Ara's Impact Roots Run Deep


by Jesse Seavers

I hung out with Ara yesterday.

My main mission in hanging out with Ara (aside from getting my butt kicked by him on the bicycle) was to understand what the big idea with DOJO4's new pivot-noir as Ara loves to put it. As I could feel the bonk starting to set in I knew my only hope of being any kind of good company for Ara was to get him talking and that I did.

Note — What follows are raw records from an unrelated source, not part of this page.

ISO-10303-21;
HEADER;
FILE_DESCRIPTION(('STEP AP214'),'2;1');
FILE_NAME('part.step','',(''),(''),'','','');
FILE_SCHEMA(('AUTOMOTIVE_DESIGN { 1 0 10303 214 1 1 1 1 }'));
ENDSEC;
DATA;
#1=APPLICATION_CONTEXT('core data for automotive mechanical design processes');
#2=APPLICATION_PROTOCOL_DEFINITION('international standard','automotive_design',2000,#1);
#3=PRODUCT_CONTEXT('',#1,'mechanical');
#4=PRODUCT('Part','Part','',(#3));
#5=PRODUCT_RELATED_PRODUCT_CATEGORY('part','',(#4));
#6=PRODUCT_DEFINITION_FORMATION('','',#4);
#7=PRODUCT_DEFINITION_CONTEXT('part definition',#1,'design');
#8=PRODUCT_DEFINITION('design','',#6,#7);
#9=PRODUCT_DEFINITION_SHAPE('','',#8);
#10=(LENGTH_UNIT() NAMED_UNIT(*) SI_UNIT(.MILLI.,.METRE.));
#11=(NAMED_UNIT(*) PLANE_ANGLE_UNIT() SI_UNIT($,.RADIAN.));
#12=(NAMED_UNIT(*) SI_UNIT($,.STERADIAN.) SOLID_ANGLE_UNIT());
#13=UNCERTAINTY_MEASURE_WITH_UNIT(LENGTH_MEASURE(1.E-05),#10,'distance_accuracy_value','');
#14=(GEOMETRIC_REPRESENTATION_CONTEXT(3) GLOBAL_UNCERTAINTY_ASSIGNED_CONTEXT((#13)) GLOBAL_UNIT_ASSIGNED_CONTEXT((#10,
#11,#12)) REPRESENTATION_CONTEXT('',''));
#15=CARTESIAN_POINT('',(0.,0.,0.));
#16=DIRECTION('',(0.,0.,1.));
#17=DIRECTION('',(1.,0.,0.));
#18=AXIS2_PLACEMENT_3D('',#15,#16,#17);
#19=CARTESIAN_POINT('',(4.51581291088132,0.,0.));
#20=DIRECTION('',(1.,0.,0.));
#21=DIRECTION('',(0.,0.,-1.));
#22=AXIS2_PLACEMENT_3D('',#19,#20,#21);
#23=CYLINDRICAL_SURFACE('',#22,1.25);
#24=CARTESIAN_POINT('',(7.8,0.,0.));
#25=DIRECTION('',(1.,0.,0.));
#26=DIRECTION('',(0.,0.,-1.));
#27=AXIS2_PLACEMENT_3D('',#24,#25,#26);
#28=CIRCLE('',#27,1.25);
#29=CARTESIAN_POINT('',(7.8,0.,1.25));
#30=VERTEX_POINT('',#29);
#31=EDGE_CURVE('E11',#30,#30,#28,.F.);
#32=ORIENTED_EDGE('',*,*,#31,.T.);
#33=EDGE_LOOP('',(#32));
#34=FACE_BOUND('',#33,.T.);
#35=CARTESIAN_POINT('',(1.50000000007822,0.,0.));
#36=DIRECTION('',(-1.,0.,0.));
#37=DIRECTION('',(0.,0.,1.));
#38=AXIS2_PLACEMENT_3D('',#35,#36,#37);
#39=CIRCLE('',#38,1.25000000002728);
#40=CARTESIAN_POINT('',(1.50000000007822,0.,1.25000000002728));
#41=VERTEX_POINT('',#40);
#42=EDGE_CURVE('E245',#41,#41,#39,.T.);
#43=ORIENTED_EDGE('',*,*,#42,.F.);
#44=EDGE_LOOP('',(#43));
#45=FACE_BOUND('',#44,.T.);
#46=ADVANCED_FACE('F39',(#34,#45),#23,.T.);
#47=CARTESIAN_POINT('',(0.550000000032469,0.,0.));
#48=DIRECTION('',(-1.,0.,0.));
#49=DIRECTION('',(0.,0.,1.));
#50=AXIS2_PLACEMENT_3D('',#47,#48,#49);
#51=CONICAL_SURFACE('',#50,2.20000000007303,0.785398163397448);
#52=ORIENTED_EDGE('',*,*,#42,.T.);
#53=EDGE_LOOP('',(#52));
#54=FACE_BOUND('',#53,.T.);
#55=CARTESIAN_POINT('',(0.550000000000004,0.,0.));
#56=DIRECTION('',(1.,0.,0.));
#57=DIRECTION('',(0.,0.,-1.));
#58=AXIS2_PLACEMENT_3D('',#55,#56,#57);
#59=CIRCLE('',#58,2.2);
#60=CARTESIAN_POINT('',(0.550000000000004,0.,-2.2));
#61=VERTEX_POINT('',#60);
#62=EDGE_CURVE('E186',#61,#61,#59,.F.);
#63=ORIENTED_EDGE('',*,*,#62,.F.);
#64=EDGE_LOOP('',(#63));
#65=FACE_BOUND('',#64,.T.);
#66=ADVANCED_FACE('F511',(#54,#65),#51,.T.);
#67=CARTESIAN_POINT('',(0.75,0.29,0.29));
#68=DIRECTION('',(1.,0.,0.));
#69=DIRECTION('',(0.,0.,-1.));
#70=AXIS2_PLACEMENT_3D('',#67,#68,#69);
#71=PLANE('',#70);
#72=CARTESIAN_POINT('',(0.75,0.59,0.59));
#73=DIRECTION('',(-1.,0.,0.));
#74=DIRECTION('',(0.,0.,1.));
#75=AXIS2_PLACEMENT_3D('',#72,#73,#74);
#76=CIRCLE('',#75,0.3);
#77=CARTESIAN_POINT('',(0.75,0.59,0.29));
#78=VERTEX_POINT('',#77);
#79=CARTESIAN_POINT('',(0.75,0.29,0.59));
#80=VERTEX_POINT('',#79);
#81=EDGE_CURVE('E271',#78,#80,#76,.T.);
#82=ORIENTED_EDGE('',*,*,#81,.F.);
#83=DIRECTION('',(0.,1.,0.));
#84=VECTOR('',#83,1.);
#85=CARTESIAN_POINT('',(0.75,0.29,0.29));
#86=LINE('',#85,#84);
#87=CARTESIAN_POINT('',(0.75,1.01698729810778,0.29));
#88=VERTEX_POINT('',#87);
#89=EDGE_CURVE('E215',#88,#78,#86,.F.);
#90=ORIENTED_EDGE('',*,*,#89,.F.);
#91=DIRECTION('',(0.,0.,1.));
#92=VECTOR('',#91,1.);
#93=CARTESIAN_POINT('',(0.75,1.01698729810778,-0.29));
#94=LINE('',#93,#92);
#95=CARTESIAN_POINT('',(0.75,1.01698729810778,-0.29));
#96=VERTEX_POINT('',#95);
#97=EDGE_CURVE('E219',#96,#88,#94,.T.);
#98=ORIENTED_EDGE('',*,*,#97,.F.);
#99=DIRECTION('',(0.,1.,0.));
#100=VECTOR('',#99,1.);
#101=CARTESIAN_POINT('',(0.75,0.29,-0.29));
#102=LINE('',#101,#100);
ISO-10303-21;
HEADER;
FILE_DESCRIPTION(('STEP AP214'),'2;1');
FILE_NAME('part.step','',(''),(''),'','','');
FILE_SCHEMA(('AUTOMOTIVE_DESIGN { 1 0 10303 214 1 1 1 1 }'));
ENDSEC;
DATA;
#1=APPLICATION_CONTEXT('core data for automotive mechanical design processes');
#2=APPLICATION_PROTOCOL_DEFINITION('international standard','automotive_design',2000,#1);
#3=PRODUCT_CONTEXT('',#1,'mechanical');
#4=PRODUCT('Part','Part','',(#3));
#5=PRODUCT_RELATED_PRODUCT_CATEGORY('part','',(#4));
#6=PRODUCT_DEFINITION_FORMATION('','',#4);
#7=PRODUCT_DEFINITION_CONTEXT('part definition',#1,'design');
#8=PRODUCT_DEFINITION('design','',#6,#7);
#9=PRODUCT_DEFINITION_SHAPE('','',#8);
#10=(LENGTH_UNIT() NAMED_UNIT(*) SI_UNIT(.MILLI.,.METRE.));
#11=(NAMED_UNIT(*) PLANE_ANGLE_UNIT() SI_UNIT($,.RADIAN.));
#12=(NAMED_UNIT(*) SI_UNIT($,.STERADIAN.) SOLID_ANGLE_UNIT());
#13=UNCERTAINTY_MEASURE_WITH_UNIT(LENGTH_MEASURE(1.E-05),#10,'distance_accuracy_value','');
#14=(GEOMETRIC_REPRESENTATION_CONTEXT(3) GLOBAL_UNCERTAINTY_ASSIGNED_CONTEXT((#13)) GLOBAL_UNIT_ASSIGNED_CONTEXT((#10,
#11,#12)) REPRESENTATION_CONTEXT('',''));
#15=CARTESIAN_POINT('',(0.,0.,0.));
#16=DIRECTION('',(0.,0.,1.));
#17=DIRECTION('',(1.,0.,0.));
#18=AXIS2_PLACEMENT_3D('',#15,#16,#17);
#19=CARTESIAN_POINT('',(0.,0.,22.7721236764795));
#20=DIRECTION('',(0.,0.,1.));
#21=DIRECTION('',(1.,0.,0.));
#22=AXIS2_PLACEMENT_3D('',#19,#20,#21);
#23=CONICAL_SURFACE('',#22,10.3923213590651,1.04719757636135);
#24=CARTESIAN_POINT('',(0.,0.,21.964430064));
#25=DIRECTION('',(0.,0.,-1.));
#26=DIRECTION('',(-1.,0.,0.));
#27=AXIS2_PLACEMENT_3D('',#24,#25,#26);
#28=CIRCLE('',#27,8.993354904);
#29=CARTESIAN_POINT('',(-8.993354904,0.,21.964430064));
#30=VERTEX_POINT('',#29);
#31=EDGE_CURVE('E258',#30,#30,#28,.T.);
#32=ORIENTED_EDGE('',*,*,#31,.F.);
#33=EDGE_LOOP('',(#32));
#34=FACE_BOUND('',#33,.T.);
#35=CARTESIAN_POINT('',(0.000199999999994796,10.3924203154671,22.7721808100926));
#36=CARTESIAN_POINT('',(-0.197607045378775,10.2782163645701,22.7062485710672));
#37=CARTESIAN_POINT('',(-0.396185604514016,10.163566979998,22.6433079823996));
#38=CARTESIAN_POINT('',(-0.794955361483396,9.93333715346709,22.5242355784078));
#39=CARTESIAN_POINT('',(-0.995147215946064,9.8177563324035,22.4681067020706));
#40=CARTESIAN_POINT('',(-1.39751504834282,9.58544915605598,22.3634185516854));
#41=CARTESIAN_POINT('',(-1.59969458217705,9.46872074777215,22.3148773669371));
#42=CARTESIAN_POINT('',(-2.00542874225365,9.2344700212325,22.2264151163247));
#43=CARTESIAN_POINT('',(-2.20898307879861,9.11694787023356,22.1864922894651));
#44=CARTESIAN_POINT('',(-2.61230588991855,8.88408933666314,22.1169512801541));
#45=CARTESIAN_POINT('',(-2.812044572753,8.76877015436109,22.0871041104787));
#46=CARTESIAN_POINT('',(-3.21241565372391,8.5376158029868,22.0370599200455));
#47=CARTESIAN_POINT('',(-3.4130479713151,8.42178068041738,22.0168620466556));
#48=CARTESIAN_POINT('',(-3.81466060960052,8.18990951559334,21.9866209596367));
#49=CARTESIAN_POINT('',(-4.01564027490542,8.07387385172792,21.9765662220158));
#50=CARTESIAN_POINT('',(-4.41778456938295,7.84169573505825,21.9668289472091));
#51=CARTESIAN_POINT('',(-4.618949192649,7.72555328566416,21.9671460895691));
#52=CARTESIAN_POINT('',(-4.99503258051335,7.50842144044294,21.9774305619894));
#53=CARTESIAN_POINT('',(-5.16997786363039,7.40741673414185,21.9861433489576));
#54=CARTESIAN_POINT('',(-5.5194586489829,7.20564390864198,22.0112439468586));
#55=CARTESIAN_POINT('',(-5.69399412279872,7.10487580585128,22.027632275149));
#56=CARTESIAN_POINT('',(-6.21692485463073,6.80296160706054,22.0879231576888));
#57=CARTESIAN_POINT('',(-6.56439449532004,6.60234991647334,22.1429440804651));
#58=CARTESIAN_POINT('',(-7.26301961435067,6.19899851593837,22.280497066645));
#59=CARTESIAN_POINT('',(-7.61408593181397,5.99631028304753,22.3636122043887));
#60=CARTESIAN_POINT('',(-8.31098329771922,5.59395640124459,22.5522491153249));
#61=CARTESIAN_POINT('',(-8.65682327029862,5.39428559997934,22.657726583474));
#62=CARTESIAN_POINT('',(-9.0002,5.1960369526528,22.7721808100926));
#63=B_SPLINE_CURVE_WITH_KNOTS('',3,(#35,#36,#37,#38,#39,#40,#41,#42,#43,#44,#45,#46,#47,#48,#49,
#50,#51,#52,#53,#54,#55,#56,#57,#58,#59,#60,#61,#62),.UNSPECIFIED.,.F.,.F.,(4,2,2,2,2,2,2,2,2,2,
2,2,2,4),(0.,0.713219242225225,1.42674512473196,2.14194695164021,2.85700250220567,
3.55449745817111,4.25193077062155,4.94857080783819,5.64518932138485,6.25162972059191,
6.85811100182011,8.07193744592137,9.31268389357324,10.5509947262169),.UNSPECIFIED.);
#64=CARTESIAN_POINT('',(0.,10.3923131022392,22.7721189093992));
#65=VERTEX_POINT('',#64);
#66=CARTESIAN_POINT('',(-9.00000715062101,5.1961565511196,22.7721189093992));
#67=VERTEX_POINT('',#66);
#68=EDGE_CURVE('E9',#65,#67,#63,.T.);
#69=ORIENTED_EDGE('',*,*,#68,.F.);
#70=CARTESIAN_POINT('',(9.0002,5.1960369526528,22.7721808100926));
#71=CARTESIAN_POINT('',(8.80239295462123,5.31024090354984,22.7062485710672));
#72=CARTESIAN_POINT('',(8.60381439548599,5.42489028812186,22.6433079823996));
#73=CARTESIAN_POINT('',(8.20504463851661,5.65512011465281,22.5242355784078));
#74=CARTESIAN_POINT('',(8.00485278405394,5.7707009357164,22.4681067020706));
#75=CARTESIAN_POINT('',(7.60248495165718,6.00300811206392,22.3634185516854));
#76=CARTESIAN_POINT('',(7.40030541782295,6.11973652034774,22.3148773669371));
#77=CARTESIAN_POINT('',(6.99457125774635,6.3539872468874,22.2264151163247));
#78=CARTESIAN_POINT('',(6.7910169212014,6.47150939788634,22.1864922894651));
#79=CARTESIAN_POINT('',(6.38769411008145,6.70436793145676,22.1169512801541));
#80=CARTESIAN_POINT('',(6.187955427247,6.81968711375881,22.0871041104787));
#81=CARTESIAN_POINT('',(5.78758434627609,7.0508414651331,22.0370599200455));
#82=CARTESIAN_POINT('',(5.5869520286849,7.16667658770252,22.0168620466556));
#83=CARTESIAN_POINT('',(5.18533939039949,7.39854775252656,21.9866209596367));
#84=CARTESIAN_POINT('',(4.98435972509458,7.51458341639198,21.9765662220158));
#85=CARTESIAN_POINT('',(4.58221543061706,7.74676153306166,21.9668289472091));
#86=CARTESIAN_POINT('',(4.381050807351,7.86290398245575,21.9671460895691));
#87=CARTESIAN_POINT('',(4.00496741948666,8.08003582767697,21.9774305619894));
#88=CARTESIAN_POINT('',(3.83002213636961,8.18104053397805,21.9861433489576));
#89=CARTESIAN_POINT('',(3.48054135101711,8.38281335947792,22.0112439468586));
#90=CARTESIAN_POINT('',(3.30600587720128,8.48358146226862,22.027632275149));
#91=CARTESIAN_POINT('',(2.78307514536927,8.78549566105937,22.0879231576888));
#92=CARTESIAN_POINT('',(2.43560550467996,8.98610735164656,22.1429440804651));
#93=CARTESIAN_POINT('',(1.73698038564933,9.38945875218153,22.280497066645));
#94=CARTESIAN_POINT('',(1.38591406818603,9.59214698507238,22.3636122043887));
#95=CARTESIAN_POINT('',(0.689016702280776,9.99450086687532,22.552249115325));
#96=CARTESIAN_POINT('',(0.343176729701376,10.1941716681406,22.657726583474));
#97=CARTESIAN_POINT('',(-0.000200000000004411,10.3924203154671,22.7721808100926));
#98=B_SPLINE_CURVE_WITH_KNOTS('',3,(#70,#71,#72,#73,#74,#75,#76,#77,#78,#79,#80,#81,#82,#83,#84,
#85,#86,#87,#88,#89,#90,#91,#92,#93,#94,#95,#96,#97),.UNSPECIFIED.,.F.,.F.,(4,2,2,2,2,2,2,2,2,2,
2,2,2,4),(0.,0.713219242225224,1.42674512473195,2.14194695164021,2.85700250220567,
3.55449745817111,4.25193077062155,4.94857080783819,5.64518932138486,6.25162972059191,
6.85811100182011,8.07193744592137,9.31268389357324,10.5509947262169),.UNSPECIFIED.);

I essentially asked Ara to take it from the top and tell me the story of DOJO4 and how it has come to repositioning itself as the the go-to mission driven tech design/dev shop.

Childhood

Ara took it from the top and began with a full character development of his grandmother, who by no stretch of the imagination is a strong candidate for an Alaskan Catholic Saint. She taught Ara formative values early in life such as: - never complain (it's a demonstration of weakness) always return a borrowed item in better condition than you found it. - build community with saints and sinners alike (everyone is worthy of forgiveness) - respect adults and practice good manners work harder than everyone you know - take other people's perceived limitations as fuel for your own tenacity (she lived for 30 years after doctors told her she only had 3 years left with Hepatitis C)

Ara explained to me that helping others, caring for the disadvantaged and the planet were values as basic as the water he grew up drinking. Yet, his athletic successes drew him down the path of personal excellence and achievement throughout his college and early post-college years until his life altering bicycle crash and injury. In an instant he broke his back in multiple places his hip and ribs he realized that he would have to find work that didn't require him to to be a world class athlete.

Code

Since Ara was always good in math, he went back to college for a computer science degree and was the top of every class he took. From there he took a job programming satellite for NOAA and worked several of his colleagues out of their jobs. He didn't think that was fair so he quit and worked with an elite team of 5 working on highly classified night sky data analytics with one of the webs most prophetic pioneers and open source champions.

DOJO4

After a stint with the night sky project, Ara started contracting and from there was inspired to start an agency that would elegantly combine design and development into one team and under one roof. He spotted the future DOJO4 building moments after having the formative conversation with DOJO4's first designer, phone calls were made, the founding team was assembled, and DOJO4 was born.

In the first few months founders were shuffled around. Corey Kohn replaced Jeffrey. Eventually, Justin and Dave left the ownership team. Over the years DOJO4 has explored and experimented with several different small-agency business models including shared equity with clients, hourly pay structures, fixed bids, employee designers and developers, contractor-based teams, in-house products, and various project management tools and practices.

After surveying everything they could get their hands on in the tech world and building countless technology solutions for entrepreneur after entrepreneur, Ara and Corey are feeling a tug back to their humanitarian roots. They are hearing the call to purpose and meaning in the work of programming that they drank deeply of earlier in their careers.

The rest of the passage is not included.